*RECORDS PROVIDED*.
· · · · · · ·
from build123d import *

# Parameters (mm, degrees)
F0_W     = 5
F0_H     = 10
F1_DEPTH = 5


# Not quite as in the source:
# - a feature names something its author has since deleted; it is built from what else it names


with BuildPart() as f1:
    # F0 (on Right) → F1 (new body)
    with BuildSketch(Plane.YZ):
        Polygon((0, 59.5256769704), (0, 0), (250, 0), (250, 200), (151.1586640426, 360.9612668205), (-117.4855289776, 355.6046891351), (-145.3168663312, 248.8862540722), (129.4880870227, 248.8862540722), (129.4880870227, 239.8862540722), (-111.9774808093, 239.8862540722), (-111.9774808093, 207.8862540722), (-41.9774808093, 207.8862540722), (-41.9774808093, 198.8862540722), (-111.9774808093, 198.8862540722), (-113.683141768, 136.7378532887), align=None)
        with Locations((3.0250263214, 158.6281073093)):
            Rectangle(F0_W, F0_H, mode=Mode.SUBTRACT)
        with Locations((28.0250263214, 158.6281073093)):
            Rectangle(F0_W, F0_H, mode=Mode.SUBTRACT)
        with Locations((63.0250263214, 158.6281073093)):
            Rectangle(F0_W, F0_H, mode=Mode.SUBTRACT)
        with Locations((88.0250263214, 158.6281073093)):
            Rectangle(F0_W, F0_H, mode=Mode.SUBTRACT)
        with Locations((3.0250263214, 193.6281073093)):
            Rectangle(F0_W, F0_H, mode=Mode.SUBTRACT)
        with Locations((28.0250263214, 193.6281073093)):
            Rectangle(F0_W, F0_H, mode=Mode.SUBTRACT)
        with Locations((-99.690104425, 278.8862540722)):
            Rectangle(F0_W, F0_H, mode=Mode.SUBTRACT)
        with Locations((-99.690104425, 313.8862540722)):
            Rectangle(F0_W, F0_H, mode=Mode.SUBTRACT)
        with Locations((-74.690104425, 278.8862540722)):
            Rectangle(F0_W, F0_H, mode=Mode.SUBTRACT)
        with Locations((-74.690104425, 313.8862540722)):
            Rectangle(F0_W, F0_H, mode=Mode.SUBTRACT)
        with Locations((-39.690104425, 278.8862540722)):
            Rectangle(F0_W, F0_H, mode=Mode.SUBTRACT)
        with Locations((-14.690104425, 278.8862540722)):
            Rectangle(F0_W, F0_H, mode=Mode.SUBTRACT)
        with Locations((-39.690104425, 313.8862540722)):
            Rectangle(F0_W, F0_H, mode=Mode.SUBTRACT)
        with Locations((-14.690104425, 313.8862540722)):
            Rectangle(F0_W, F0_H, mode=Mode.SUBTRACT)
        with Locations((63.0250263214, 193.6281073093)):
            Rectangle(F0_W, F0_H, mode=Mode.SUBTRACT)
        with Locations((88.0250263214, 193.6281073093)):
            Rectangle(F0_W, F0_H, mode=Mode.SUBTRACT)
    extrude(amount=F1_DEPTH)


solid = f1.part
· · · · · · ·
*EXERCISE BRIEF*.
All of the material above should be printed exactly as it appears.

*ANSWER FOR THE TASK*.
from build123d import *

# Parameters (mm, degrees)
F0_W     = 5
F0_H     = 10
F1_DEPTH = 5


# Not quite as in the source:
# - a feature names something its author has since deleted; it is built from what else it names


with BuildPart() as f1:
    # F0 (on Right) → F1 (new body)
    with BuildSketch(Plane.YZ):
        Polygon((0, 59.5256769704), (0, 0), (250, 0), (250, 200), (151.1586640426, 360.9612668205), (-117.4855289776, 355.6046891351), (-145.3168663312, 248.8862540722), (129.4880870227, 248.8862540722), (129.4880870227, 239.8862540722), (-111.9774808093, 239.8862540722), (-111.9774808093, 207.8862540722), (-41.9774808093, 207.8862540722), (-41.9774808093, 198.8862540722), (-111.9774808093, 198.8862540722), (-113.683141768, 136.7378532887), align=None)
        with Locations((3.0250263214, 158.6281073093)):
            Rectangle(F0_W, F0_H, mode=Mode.SUBTRACT)
        with Locations((28.0250263214, 158.6281073093)):
            Rectangle(F0_W, F0_H, mode=Mode.SUBTRACT)
        with Locations((63.0250263214, 158.6281073093)):
            Rectangle(F0_W, F0_H, mode=Mode.SUBTRACT)
        with Locations((88.0250263214, 158.6281073093)):
            Rectangle(F0_W, F0_H, mode=Mode.SUBTRACT)
        with Locations((3.0250263214, 193.6281073093)):
            Rectangle(F0_W, F0_H, mode=Mode.SUBTRACT)
        with Locations((28.0250263214, 193.6281073093)):
            Rectangle(F0_W, F0_H, mode=Mode.SUBTRACT)
        with Locations((-99.690104425, 278.8862540722)):
            Rectangle(F0_W, F0_H, mode=Mode.SUBTRACT)
        with Locations((-99.690104425, 313.8862540722)):
            Rectangle(F0_W, F0_H, mode=Mode.SUBTRACT)
        with Locations((-74.690104425, 278.8862540722)):
            Rectangle(F0_W, F0_H, mode=Mode.SUBTRACT)
        with Locations((-74.690104425, 313.8862540722)):
            Rectangle(F0_W, F0_H, mode=Mode.SUBTRACT)
        with Locations((-39.690104425, 278.8862540722)):
            Rectangle(F0_W, F0_H, mode=Mode.SUBTRACT)
        with Locations((-14.690104425, 278.8862540722)):
            Rectangle(F0_W, F0_H, mode=Mode.SUBTRACT)
        with Locations((-39.690104425, 313.8862540722)):
            Rectangle(F0_W, F0_H, mode=Mode.SUBTRACT)
        with Locations((-14.690104425, 313.8862540722)):
            Rectangle(F0_W, F0_H, mode=Mode.SUBTRACT)
        with Locations((63.0250263214, 193.6281073093)):
            Rectangle(F0_W, F0_H, mode=Mode.SUBTRACT)
        with Locations((88.0250263214, 193.6281073093)):
            Rectangle(F0_W, F0_H, mode=Mode.SUBTRACT)
    extrude(amount=F1_DEPTH)


solid = f1.part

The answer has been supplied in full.